The latter accommodated a maximum of 2,500 prisoners, including a majority of "common law" that we did not want to leave in nature.

We can compare this figure to the 500,000 arrests and 20,000 executions of the hot years of the Revolution.

The latter can hardly serve as a counter-example in the matter, which the revolutionary Mathieu Dumas, who became a State Councilor, summed up thus:

"[Bonaparte] did not attack freedom, since it no longer existed".

1807, Friedland

, by Ernest Meissonier, circa 1861-1875 (New York, The Metropolitan Museum of Art).

© Gift of Henry Hilton, 1887 / The Metropolitan Museum of Art / CC0

3 - The Unscrupulous Conqueror

Napoleon certainly had immense ambition and was not afraid of war.

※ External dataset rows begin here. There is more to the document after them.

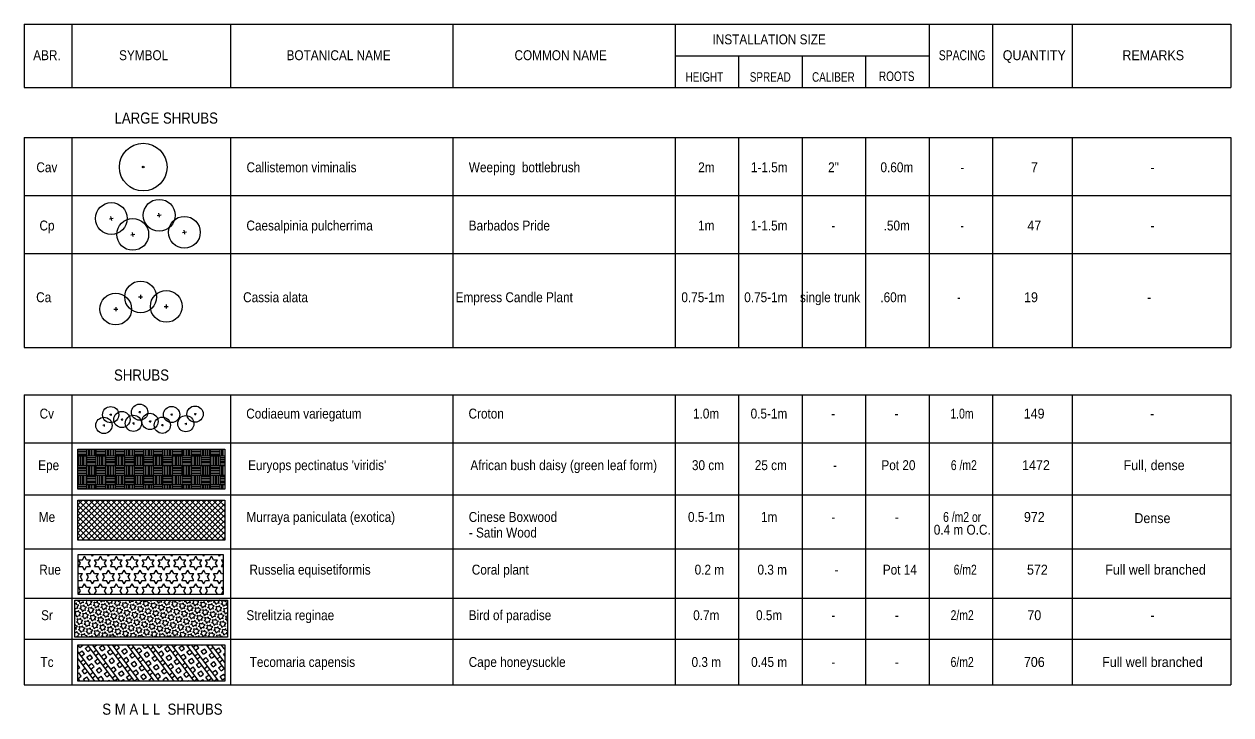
# Model space of a CAD drawing. Extents: x -2743 to -1606, y 314 to 679.
# Drawn here: x -1768.6 to -1692.6, y 592.2 to 635.7 of the extents above; entities that cross this region are included whole.
import ezdxf
from ezdxf.enums import TextEntityAlignment as Align

# ---------------------------------------------------------------- set-up
doc = ezdxf.new("R2010")
doc.units = 0
doc.header["$MEASUREMENT"] = 0
for name, color, linetype in [('L-Large Shrubs-Caesalpinia pulcherrima', 71, 'Continuous'), ('L-Large Shrubs-Callistemon viminalis', 71, 'Continuous'), ('L-Large Shrubs-Cassia alata', 71, 'Continuous'), ('L-PLNT-shrub boundry', 19, 'Continuous'), ('L-PLNT-TAB', 1, 'Continuous'), ('L-Shrub-Codiaeum variegatum', 109, 'Continuous'), ('L-SHRUB-Euryops pectinatus-BO', 92, 'Continuous'), ('L-SHRUB-Euryops pectinatus-HA', 109, 'Continuous'), ('L-Shrub-Murraya paniculata BOUNDARY', 92, 'Continuous'), ('L-Shrub-Murraya paniculata Hatch', 109, 'Continuous'), ('L-SHRUB-STREILZIA-HATCH', 109, 'Continuous'), ('L-Shrubs-Tecomaria capensis Boundary', 92, 'Continuous'), ('L-Shrubs-Tecomaria capensis Hatch', 109, 'Continuous'), ('LA-PLNT-DESIGN TEXT', 63, 'Continuous'), ('LA-PLNT-TABLE LINE', 202, 'Continuous'), ('Russelia equisetiformis-bo', 92, 'Continuous'), ('Russelia equisetiformis-ha', 109, 'Continuous'), ('Strelitzia reginae-bo', 92, 'Continuous')]:
    doc.layers.add(name, color=color, linetype=linetype)
doc.styles.add('PLNT-LEG', font='arial.ttf', dxfattribs={"width": 0.85})

# ---------------------------------------------------------------- blocks, each defined once
blk = doc.blocks.new('PL-B-LA-PL-TAB')
at = {"style": 'PLNT-LEG'}
for tag, width, p in [('ABRV.', 0.85, (1.439, 0)), ('SYMBOL', 0.85, (7.527, 0)), ('HEIGHT', 0.85, (42.963, 0)), ('SPREAD', 0.85, (46.921, 0)), ('CALIBER', 0.85, (50.966, 0)), ('ROOTS', 0.85, (54.958, 0)), ('SPACING', 0.75, (59.078, 0)), ('QUANTITY', 0.9, (63.622, 0)), ('REMARKS', 0.9, (69.211, 0))]:
    blk.add_attdef(tag, text='', height=0.625, dxfattribs=dict(at, width=width)).set_placement(p, align=Align.CENTER)
at = {"style": 'PLNT-LEG', "width": 0.85}
for tag, p in [('BOTANICAL-NAME', (14, 0)), ('COMMON-NAME', (28, 0))]:
    blk.add_attdef(tag, p, '', height=0.625, dxfattribs=at)
blk = doc.blocks.new('PL-TAB')
at = {"style": 'PLNT-LEG'}
for tag, width, p in [('ABRV.', 0.85, (1.439, 0)), ('SYMBOL', 0.85, (7.527, 0)), ('HEIGHT', 0.85, (42.963, 0)), ('SPREAD', 0.85, (46.921, 0)), ('CALIBER', 0.85, (50.966, 0)), ('ROOTS', 0.85, (54.958, 0)), ('SPACING', 0.75, (59.078, 0)), ('QUANTITY', 0.9, (63.622, 0)), ('REMARKS', 0.9, (69.211, 0))]:
    blk.add_attdef(tag, text='', height=0.625, dxfattribs=dict(at, width=width)).set_placement(p, align=Align.CENTER)
at = {"style": 'PLNT-LEG', "width": 0.85}
for tag, p in [('BOTANICAL-NAME', (14, 0)), ('COMMON-NAME', (28, 0))]:
    blk.add_attdef(tag, p, '', height=0.625, dxfattribs=at)
blk = doc.blocks.new('TABLE HEAD')
at = {"layer": 'L-PLNT-TAB'}
for p, q in [((0, 4000), (0, 0)), ((0, 4000), (76000, 4000)), ((3000, 4000), (3000, 0)), ((13000, 4000), (13000, 0)), ((27000, 4000), (27000, 0)), ((41000, 4000), (41000, 0)), ((57000, 4000), (57000, 0)), ((57000, 4000), (57000, 0)), ((61000, 4000), (61000, 0)), ((66000, 4000), (66000, 0)), ((76000, 4000), (76000, 0)), ((41000, 2000), (57000, 2000)), ((45000, 2000), (45000, 0)), ((49000, 2000), (49000, 0)), ((49000, 2000), (49000, 0)), ((53000, 2000), (53000, 0)), ((53000, 2000), (53000, 0)), ((0, 0), (76000, 0))]:
    blk.add_line(p, q, dxfattribs=at)
at = {"style": 'PLNT-LEG', "width": 0.85}
blk.add_text('INSTALLATION SIZE', height=625, dxfattribs=at).set_placement((46924, 3038), align=Align.MIDDLE_CENTER)
at = {"style": 'PLNT-LEG'}
for s, height, width, p in [('ABR.', 625, 0.85, (1439, 1729)), ('SYMBOL', 625, 0.85, (7527, 1729)), ('BOTANICAL NAME', 625, 0.85, (19806, 1729)), ('COMMON NAME', 625, 0.85, (33792, 1729)), ('SPACING', 625, 0.75, (59078, 1729)), ('QUANTITY', 625, 0.9, (63622, 1729)), ('REMARKS', 625, 0.9, (71114, 1729)), ('HEIGHT', 600, 0.75, (42844, 370)), ('SPREAD', 600, 0.75, (46992, 370)), ('CALIBER', 600, 0.75, (50966, 370)), ('ROOTS', 600, 0.75, (54958, 415))]:
    blk.add_text(s, height=height, dxfattribs=dict(at, width=width)).set_placement(p, align=Align.CENTER)
blk = doc.blocks.new('Callistemon_viminalis')
for radius in [1.5, 0.05]:
    blk.add_circle((0, 0), radius)
blk = doc.blocks.new('Caesalpinia_pulcherrima')
at = {"layer": 'L-Large Shrubs-Caesalpinia pulcherrima'}
for p, q in [((-0.122, -0.026), (0.122, 0.026)), ((0.026, -0.122), (-0.026, 0.122))]:
    blk.add_line(p, q, dxfattribs=at)
blk.add_circle((0, 0), 1, dxfattribs=at)
blk = doc.blocks.new('Cassia alata')
for p, q in [((-0.125, 0), (0.125, 0)), ((0, 0.125), (0, -0.125))]:
    blk.add_line(p, q)
blk.add_circle((0, 0), 1)
blk = doc.blocks.new('Shrub-Codiaeum variegatum')
blk.add_circle((0, 0), 0.511)
at = {"layer": 'L-PLNT-shrub boundry'}
for p, q in [((0, 0.067), (0, -0.067)), ((0.067, 0), (-0.067, 0))]:
    blk.add_line(p, q, dxfattribs=at)

msp = doc.modelspace()

# ---------------------------------------------------------------- hatches: boundary and pattern name
at = {"layer": 'L-SHRUB-Euryops pectinatus-HA', "extrusion": (1.27242e-07, -1.99548e-18, 1)}
h = msp.add_hatch(dxfattribs=at)
h.set_pattern_fill('AR-PARQ1', color=256, scale=0.05, angle=-36.72505, style=0)
h.set_pattern_definition([(90.000087, (-3590.48087, 347.50453), (-0.6000009, 0.5999991), [0.6, -0.6]), (90.000087, (-3590.38087, 347.50453), (-0.6000009, 0.5999991), [0.6, -0.6]), (90.000087, (-3590.28087, 347.50453), (-0.6000009, 0.5999991), [0.6, -0.6]), (90.000087, (-3590.18087, 347.50453), (-0.6000009, 0.5999991), [0.6, -0.6]), (90.000087, (-3590.08087, 347.50453), (-0.6000009, 0.5999991), [0.6, -0.6]), (90.000087, (-3589.98087, 347.50453), (-0.6000009, 0.5999991), [0.6, -0.6]), (90.000087, (-3589.88087, 347.50453), (-0.6000009, 0.5999991), [0.6, -0.6]), (8.7e-05, (-3590.48087, 348.10453), (0.6000009, -0.5999991), [0.6, -0.6]), (8.7e-05, (-3590.48087, 348.20453), (0.6000009, -0.5999991), [0.6, -0.6]), (8.7e-05, (-3590.48087, 348.30453), (0.6000009, -0.5999991), [0.6, -0.6]), (8.7e-05, (-3590.48087, 348.40453), (0.6000009, -0.5999991), [0.6, -0.6]), (8.7e-05, (-3590.48087, 348.50453), (0.6000009, -0.5999991), [0.6, -0.6]), (8.7e-05, (-3590.48087, 348.60453), (0.6000009, -0.5999991), [0.6, -0.6]), (8.7e-05, (-3590.48087, 348.70453), (0.6000009, -0.5999991), [0.6, -0.6])])
h.paths.add_polyline_path([(-1755.993, 606.411), (-1765.247, 606.411), (-1765.247, 608.931), (-1755.993, 608.931)])
at = {"layer": 'L-Shrub-Murraya paniculata Hatch', "extrusion": (1.27242e-07, -1.99548e-18, 1)}
h = msp.add_hatch(dxfattribs=at)
h.set_pattern_fill('ANSI37', color=256, scale=2, angle=-36.72505, style=0)
h.set_pattern_definition([(45.000087, (-3590.48046, 341.13611), (-0.176776962, 0.176776428), []), (135.000087, (-3590.48046, 341.13611), (-0.176776428, -0.176776962), [])])
h.paths.add_polyline_path([(-1755.993, 603.212), (-1765.247, 603.212), (-1765.247, 605.732), (-1755.993, 605.732)])
at = {"layer": 'L-SHRUB-STREILZIA-HATCH', "extrusion": (1.27242e-07, -1.99548e-18, 1)}
h = msp.add_hatch(dxfattribs=at)
h.set_pattern_fill('STARS', color=256, angle=45.00009)
h.set_pattern_definition([(45.000086586, (-645273.8474, -811200.28182), (-0.153093340318, 0.153092877606), [0.125, -0.125]), (105.000086586, (-645273.8474, -811200.28182), (-0.209128991304, -0.05603628306), [0.125, -0.125]), (165.000086586, (-645273.87976, -811200.16107), (-0.056035650987, -0.20912916067), [0.125, -0.125])])
h.paths.add_polyline_path([(-1755.825, 597.095), (-1765.425, 597.095), (-1765.425, 599.423), (-1755.825, 599.423)])
at = {"layer": 'L-Shrubs-Tecomaria capensis Hatch', "extrusion": (1.27242e-07, -1.99548e-18, 1)}
h = msp.add_hatch(dxfattribs=at)
h.set_pattern_fill('BOX', color=256, angle=0.00009)
h.set_pattern_definition([(126.72522, (-3570.4809, 338.094), (-0.8015125, -0.59797805), []), (126.72522, (-3570.2805, 338.2435), (-0.8015125, -0.59797805), []), (36.72522, (-3570.4809, 338.094), (-0.59797805, 0.8015125), [-0.25, 0.25]), (36.72522, (-3570.6304, 338.2944), (-0.59797805, 0.8015125), [-0.25, 0.25]), (36.72522, (-3570.7799, 338.4948), (-0.59797805, 0.8015125), [0.25, -0.25]), (36.72522, (-3570.9294, 338.6951), (-0.59797805, 0.8015125), [0.25, -0.25]), (126.72522, (-3570.0801, 338.393), (-0.8015125, -0.59797805), [0.25, -0.25]), (126.72522, (-3569.8798, 338.5425), (-0.8015125, -0.59797805), [0.25, -0.25])])
h.paths.add_polyline_path([(-1755.993, 594.316), (-1765.247, 594.316), (-1765.247, 596.61), (-1755.993, 596.61)])
at = {"layer": 'Russelia equisetiformis-ha', "extrusion": (1.27242e-07, -1.99548e-18, 1)}
h = msp.add_hatch(dxfattribs=at)
h.set_pattern_fill('STARS', color=256, scale=2, angle=0.00009, style=0)
h.set_pattern_definition([(8.6586e-05, (-647239.96594, -811592.70487), (-6.5437e-07, 0.433012702), [0.25, -0.25]), (60.000086586, (-647239.96594, -811592.70487), (-0.37500032728, 0.2165057843), [0.25, -0.25]), (120.000086586, (-647239.84094, -811592.48837), (-0.3749996729, -0.2165069177), [0.25, -0.25])])
h.paths.add_polyline_path([(-1756.085, 599.773), (-1765.231, 599.773), (-1765.231, 602.293), (-1756.085, 602.293)])

# ---------------------------------------------------------------- linework, layer by layer
at = {"extrusion": (1.27242e-07, -1.99549e-18, 1), "elevation": -0.12}
msp.add_lwpolyline([(-1755.993, 606.411), (-1765.247, 606.411), (-1765.247, 608.931), (-1755.993, 608.931)], close=True, dxfattribs=at)
at = {"layer": 'L-SHRUB-Euryops pectinatus-BO', "extrusion": (1.27242e-07, -1.99549e-18, 1), "elevation": -0.12}
msp.add_lwpolyline([(-1755.993, 606.411), (-1765.247, 606.411), (-1765.247, 608.931), (-1755.993, 608.931)], close=True, dxfattribs=at)
at = {"layer": 'L-Shrub-Murraya paniculata BOUNDARY', "extrusion": (1.27242e-07, -1.99549e-18, 1), "elevation": -0.12}
msp.add_lwpolyline([(-1755.993, 603.212), (-1765.247, 603.212), (-1765.247, 605.732), (-1755.993, 605.732)], close=True, dxfattribs=at)
at = {"layer": 'L-Shrubs-Tecomaria capensis Boundary', "extrusion": (1.27242e-07, -1.99549e-18, 1), "elevation": -0.12}
msp.add_lwpolyline([(-1755.993, 594.316), (-1765.247, 594.316), (-1765.247, 596.61), (-1755.993, 596.61)], close=True, dxfattribs=at)
at = {"layer": 'LA-PLNT-TABLE LINE', "extrusion": (1.27242e-07, -1.99549e-18, 1)}
for p, q in [((-1768.625, 624.924), (-1692.625, 624.924)), ((-1768.625, 621.256), (-1692.625, 621.256)), ((-1768.625, 615.35), (-1692.625, 615.35)), ((-1768.623, 609.341), (-1692.623, 609.341)), ((-1768.625, 606.067), (-1692.625, 606.068)), ((-1768.624, 602.664), (-1692.624, 602.665)), ((-1768.624, 599.554), (-1692.624, 599.554)), ((-1768.625, 596.96), (-1692.625, 596.96)), ((-1768.626, 594.079), (-1692.626, 594.079))]:
    msp.add_line(p, q, dxfattribs=at)
at = {"layer": 'LA-PLNT-TABLE LINE', "extrusion": (1.27242e-07, -1.99549e-18, 1), "elevation": -0.12}
for points in [[(-1768.626, 628.574), (-1768.626, 615.35)], [(-1768.626, 628.574), (-1692.626, 628.574)], [(-1765.626, 628.574), (-1765.626, 615.35)], [(-1755.626, 628.574), (-1755.626, 615.35)], [(-1741.626, 628.574), (-1741.626, 615.35)], [(-1727.626, 628.574), (-1727.626, 615.35)], [(-1723.626, 628.574), (-1723.626, 615.35)], [(-1719.626, 628.574), (-1719.626, 615.35)], [(-1715.626, 628.574), (-1715.626, 615.35)], [(-1711.626, 628.574), (-1711.626, 615.35)], [(-1707.626, 628.574), (-1707.626, 615.35)], [(-1702.626, 628.574), (-1702.626, 615.35)], [(-1692.626, 628.574), (-1692.626, 615.35)], [(-1768.626, 612.359), (-1768.626, 594.079)], [(-1768.625, 612.359), (-1692.625, 612.359)], [(-1765.626, 612.359), (-1765.626, 594.079)], [(-1755.626, 612.359), (-1755.626, 594.079)], [(-1741.626, 612.359), (-1741.626, 594.079)], [(-1727.626, 612.359), (-1727.626, 594.079)], [(-1723.626, 612.359), (-1723.626, 594.079)], [(-1719.626, 612.359), (-1719.626, 594.079)], [(-1715.626, 612.359), (-1715.626, 594.079)], [(-1711.626, 612.359), (-1711.626, 594.079)], [(-1707.626, 612.359), (-1707.626, 594.079)], [(-1702.626, 612.359), (-1702.626, 594.079)], [(-1692.626, 612.359), (-1692.626, 594.079)]]:
    msp.add_lwpolyline(points, dxfattribs=at)
at = {"layer": 'Russelia equisetiformis-bo', "extrusion": (1.27242e-07, -1.99549e-18, 1), "elevation": -0.12}
msp.add_lwpolyline([(-1756.085, 599.773), (-1765.231, 599.773), (-1765.231, 602.293), (-1756.085, 602.293)], close=True, dxfattribs=at)
at = {"layer": 'Strelitzia reginae-bo', "extrusion": (1.27242e-07, -1.99549e-18, 1), "elevation": -0.12}
msp.add_lwpolyline([(-1755.825, 597.095), (-1765.425, 597.095), (-1765.425, 599.423), (-1755.825, 599.423)], close=True, dxfattribs=at)

# ---------------------------------------------------------------- block references
at = {"layer": 'L-Large Shrubs-Caesalpinia pulcherrima', "extrusion": (1.27242e-07, -1.99549e-18, 1), "rotation": 8.65857215290934e-05}
for p in [(-1763.133, 623.467, 0), (-1760.121, 623.674, 0), (-1761.783, 622.463, 0), (-1758.529, 622.602, 0)]:
    msp.add_blockref('Caesalpinia_pulcherrima', p, dxfattribs=at)
at = {"layer": 'L-Large Shrubs-Callistemon viminalis', "extrusion": (1.27242e-07, -1.99549e-18, 1), "rotation": 8.65857215290934e-05}
msp.add_blockref('Callistemon_viminalis', (-1761.125, 626.707, 0), dxfattribs=at)
at = {"layer": 'L-Large Shrubs-Cassia alata', "extrusion": (1.27242e-07, -1.99549e-18, 1), "rotation": 8.65857215290934e-05}
for p in [(-1761.289, 618.527, 0), (-1762.857, 617.763, 0), (-1759.676, 617.929, 0)]:
    msp.add_blockref('Cassia alata', p, dxfattribs=at)
at = {"layer": 'L-Shrub-Codiaeum variegatum', "extrusion": (1.27242e-07, -1.99549e-18, 1), "rotation": 13.77671978163348}
for p in [(-1761.353, 611.265, 0), (-1763.175, 611.106, 0), (-1762.469, 610.805, 0), (-1761.741, 610.563, 0), (-1760.698, 610.684, 0), (-1759.922, 610.442, 0), (-1759.34, 611.12, 0), (-1758.442, 610.539, 0), (-1757.86, 611.144, 0), (-1763.6, 610.433, 0)]:
    msp.add_blockref('Shrub-Codiaeum variegatum', p, dxfattribs=at)
at = {"layer": 'LA-PLNT-DESIGN TEXT', "extrusion": (1.27242e-07, -1.99549e-18, 1), "xscale": 0.001000000047497451, "yscale": 0.001000000047497451, "zscale": 0.001000000047497451}
msp.add_blockref('TABLE HEAD', (-1768.626, 631.713, 0), dxfattribs=at)
at = {"layer": 'LA-PLNT-DESIGN TEXT', "extrusion": (1.27242e-07, -1.99549e-18, 1)}
ref = msp.add_blockref('PL-B-LA-PL-TAB', (-1768.618, 626.382, 0), dxfattribs=dict(at, rotation=8.65857215290934e-05))
ref.add_attrib('REMARKS', '-', dxfattribs={"layer": '0', "extrusion": (1.27242e-07, -1.99549e-18, 1), "height": 0.625, "rotation": 0.00009, "style": 'PLNT-LEG', "width": 0.9}).set_placement((-1697.557, 626.382, 0), align=Align.CENTER)
ref.add_attrib('QUANTITY', '7', dxfattribs={"layer": '0', "extrusion": (1.27242e-07, -1.99549e-18, 1), "height": 0.625, "rotation": 0.00009, "style": 'PLNT-LEG', "width": 0.9}).set_placement((-1704.996, 626.382, 0), align=Align.CENTER)
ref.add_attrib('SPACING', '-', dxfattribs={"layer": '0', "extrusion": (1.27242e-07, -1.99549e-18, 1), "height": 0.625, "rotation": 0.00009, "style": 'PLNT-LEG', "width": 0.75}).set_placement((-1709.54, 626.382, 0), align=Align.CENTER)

However, its foreign policy cannot be understood without considering the geopolitics inherited from past centuries.

He was the continuator of the wars of the Revolution, of course, but also of diplomatic traditions aimed at ensuring French preponderance in Europe, dating back to the reign of Louis XIV.

The continent was not, moreover, divided between the “pro” and the “anti-” Napoleon, otherwise, we would not have had to wait until the fall of 1813 for a general coalition to be formed against him.

Before that, the continental powers had come to terms with French preponderance and tried to derive as much benefit from it as possible.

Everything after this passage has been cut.